Instagram Advertisers Switch From Celebrities To ‘Microinfluencers’

Leticia Miranda

The push to make social media celebrities and “influencers” more honest about who is paying them to post has been complicated by the rise of a new category of Instagram promoter: the so-called microinfluencer, people with as little as ten followers who are being paid by brands just like top-tier stars.

Advertising businesses like Influenster and BzzAgent allow anyone with a social media account to sign up and receive free products for review, from brands like Maybelline, BITE beauty, Kleenex, and International Delight. Their social media posts appear with hashtags like #gotitfree or #gotacoupon, or with a note that the product was received “complimentary.” Often there is no indication they got it for free.

In a letter on Wednesday, consumer advocacy groups told the Federal Trade Commission these posts don’t meet federal disclosure guidelines, which recommend clearly using #advertisement or #ad in posts.

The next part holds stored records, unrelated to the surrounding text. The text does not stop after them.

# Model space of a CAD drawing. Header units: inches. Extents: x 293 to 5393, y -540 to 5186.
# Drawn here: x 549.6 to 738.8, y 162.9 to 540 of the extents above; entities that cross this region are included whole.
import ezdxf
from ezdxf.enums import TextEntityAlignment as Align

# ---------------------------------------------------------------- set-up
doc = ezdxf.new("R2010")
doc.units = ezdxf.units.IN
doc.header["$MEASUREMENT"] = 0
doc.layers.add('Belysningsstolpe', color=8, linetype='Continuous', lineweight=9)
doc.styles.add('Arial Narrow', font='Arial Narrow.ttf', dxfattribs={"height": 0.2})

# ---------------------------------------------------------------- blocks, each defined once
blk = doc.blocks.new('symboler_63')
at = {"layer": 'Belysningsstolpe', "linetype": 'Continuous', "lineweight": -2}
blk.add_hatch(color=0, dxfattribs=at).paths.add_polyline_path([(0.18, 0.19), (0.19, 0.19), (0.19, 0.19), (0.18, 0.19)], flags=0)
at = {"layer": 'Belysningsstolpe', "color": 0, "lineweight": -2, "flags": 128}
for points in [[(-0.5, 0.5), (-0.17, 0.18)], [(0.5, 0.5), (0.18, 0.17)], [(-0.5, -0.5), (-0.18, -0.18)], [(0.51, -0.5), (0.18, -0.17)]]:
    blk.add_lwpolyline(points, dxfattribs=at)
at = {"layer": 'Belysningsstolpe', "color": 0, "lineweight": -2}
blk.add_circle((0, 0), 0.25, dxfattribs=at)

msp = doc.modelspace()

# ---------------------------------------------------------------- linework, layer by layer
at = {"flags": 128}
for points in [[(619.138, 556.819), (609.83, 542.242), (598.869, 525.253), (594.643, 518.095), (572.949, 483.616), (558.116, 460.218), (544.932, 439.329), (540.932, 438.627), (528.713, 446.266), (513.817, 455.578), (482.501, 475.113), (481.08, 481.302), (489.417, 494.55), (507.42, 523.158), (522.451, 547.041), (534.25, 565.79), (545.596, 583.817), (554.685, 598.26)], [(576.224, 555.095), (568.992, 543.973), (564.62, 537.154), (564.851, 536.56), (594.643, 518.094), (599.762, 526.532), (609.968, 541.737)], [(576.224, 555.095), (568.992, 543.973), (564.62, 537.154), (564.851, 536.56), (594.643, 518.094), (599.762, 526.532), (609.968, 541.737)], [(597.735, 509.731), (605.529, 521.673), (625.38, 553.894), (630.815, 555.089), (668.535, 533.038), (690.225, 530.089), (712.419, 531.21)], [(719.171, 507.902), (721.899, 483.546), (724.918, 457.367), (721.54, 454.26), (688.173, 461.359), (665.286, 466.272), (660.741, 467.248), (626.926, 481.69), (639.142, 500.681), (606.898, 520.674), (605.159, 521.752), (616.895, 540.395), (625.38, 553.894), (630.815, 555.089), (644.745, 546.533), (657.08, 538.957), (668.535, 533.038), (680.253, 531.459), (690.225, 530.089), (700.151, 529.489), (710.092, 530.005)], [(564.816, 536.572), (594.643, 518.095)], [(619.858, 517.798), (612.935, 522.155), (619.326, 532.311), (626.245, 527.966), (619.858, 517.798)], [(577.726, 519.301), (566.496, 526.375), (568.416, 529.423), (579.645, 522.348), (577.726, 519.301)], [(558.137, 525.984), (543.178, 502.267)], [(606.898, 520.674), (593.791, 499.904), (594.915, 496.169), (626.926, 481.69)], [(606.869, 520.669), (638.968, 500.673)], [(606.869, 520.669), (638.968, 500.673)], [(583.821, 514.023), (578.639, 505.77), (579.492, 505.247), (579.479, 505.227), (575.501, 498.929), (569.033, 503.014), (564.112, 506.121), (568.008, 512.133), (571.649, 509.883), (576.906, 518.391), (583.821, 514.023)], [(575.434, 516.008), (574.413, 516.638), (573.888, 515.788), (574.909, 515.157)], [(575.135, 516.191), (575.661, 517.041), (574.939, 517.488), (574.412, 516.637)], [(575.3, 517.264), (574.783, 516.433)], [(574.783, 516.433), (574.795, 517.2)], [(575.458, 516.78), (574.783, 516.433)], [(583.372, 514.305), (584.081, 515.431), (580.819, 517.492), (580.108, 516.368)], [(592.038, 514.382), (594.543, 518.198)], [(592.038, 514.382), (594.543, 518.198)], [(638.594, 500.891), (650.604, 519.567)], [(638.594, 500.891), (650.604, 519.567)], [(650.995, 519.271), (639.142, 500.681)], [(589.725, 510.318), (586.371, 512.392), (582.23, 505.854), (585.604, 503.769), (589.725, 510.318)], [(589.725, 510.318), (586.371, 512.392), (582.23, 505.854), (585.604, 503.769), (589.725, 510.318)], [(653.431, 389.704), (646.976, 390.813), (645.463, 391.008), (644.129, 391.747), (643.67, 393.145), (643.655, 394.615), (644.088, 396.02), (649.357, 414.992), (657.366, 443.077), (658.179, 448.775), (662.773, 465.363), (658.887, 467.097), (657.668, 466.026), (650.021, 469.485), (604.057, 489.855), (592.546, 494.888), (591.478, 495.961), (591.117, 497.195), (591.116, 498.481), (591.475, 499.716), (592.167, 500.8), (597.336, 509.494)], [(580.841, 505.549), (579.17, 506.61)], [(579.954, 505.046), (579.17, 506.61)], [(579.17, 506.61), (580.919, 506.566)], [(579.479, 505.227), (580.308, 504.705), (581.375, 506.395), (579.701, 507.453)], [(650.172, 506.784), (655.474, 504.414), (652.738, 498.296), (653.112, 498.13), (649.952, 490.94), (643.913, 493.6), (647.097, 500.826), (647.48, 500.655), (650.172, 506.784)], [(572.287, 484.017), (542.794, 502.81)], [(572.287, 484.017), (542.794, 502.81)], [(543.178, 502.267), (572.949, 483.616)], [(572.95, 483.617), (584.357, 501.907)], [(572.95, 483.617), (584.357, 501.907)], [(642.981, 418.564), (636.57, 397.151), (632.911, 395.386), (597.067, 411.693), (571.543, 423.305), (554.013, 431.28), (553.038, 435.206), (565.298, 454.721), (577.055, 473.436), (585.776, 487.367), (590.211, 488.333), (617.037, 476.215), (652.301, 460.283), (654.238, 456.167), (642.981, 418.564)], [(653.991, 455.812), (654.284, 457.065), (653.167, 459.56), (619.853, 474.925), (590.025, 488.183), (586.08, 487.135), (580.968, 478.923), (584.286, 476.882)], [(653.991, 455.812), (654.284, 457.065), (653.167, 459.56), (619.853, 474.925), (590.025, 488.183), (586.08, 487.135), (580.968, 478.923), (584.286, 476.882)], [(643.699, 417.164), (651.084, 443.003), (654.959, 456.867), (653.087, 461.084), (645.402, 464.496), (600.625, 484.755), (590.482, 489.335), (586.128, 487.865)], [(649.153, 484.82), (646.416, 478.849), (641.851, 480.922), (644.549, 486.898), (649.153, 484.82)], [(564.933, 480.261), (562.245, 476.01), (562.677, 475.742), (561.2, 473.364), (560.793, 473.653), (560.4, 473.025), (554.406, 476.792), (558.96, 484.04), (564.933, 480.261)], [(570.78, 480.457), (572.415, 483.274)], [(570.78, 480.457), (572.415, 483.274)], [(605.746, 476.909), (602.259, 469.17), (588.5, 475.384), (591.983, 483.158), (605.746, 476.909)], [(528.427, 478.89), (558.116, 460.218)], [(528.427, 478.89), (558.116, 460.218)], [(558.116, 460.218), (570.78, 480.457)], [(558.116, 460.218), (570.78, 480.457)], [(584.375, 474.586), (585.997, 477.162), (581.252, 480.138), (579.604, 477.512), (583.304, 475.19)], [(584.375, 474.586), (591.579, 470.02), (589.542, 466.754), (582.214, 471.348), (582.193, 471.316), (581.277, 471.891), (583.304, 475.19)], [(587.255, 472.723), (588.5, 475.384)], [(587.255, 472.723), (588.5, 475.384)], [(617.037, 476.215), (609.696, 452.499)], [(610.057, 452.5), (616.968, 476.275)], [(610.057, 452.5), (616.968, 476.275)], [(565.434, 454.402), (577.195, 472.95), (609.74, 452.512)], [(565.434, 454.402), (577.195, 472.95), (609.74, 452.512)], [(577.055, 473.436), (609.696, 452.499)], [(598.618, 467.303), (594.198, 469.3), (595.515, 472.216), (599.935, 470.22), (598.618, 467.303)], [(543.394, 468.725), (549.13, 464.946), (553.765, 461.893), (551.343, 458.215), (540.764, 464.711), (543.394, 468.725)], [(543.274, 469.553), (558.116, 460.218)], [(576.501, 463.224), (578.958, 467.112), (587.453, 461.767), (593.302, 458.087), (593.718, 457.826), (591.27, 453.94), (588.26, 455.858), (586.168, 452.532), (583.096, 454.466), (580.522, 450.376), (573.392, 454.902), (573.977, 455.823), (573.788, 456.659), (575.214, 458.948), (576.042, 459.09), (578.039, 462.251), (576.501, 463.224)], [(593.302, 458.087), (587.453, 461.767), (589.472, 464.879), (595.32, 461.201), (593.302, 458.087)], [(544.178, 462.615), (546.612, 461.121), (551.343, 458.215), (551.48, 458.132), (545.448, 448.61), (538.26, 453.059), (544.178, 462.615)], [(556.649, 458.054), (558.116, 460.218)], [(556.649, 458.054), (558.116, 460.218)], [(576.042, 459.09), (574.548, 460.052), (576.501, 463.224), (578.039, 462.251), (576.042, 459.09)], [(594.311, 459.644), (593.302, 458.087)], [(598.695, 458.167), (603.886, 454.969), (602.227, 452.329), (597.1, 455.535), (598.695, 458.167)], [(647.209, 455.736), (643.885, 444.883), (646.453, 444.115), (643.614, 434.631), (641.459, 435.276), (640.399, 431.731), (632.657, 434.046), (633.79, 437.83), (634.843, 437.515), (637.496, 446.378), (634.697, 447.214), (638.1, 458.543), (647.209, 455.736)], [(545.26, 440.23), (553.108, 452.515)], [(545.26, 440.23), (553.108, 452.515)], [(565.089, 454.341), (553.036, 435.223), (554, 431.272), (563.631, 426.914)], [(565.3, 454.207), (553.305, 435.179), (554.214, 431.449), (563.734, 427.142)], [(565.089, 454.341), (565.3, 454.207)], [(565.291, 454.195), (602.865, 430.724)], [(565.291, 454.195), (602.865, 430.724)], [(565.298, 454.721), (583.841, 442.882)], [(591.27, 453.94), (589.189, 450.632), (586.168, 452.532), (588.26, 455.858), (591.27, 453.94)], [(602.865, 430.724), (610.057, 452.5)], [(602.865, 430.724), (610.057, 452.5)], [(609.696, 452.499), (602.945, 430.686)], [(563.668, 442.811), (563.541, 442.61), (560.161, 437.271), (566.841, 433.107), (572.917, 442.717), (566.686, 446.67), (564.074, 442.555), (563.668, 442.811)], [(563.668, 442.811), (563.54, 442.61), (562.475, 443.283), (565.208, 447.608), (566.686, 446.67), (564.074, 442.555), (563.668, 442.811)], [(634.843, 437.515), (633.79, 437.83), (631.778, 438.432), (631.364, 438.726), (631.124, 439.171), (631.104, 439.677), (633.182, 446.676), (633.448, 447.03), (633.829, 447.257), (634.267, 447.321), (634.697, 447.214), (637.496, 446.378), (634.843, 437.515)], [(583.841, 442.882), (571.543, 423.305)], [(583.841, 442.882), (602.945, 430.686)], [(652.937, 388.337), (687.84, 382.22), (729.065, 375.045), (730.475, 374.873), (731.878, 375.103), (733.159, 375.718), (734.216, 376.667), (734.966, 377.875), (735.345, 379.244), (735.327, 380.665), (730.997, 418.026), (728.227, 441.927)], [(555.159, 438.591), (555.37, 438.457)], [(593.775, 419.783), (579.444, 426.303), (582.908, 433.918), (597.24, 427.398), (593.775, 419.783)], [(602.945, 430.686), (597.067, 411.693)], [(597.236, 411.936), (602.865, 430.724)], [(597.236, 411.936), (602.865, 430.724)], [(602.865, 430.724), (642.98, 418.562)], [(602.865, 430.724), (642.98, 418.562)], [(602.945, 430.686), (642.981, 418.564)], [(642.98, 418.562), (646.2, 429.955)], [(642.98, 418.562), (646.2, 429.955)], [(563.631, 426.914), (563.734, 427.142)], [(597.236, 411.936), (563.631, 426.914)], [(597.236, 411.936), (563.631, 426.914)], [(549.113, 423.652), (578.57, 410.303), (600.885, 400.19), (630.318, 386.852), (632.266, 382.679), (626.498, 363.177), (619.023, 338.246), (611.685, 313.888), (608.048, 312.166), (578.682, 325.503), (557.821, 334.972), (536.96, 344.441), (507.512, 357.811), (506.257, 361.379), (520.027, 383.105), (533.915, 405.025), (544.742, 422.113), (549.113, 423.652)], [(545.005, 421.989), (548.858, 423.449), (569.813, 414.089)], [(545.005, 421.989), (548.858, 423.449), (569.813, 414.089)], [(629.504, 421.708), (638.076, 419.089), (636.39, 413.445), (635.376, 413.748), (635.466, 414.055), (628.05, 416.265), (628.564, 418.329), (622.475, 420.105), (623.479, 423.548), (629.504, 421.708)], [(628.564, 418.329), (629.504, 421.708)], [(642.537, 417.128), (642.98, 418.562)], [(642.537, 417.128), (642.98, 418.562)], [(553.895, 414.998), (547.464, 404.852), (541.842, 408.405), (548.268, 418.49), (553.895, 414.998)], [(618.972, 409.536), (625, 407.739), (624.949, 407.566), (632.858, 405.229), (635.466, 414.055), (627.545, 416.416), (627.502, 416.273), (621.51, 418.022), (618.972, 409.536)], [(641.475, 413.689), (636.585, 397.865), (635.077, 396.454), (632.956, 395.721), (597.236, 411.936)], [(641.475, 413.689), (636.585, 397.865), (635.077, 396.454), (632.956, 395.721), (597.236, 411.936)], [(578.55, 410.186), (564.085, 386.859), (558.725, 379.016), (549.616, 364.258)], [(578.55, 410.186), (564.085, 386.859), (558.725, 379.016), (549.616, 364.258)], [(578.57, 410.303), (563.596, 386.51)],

“One of our biggest concerns is that this is becoming normalized and so seamlessly integrated into our everyday interactions with social media,” Kristen Strader, the commercial alert campaign coordinator for advocacy group Public Citizen, told BuzzFeed News. “Of course this is what advertisers want, but it is unfair to the consumer, especially young consumers who are growing up seeing paid endorsements on social media without understanding that those posts are actually advertisements.”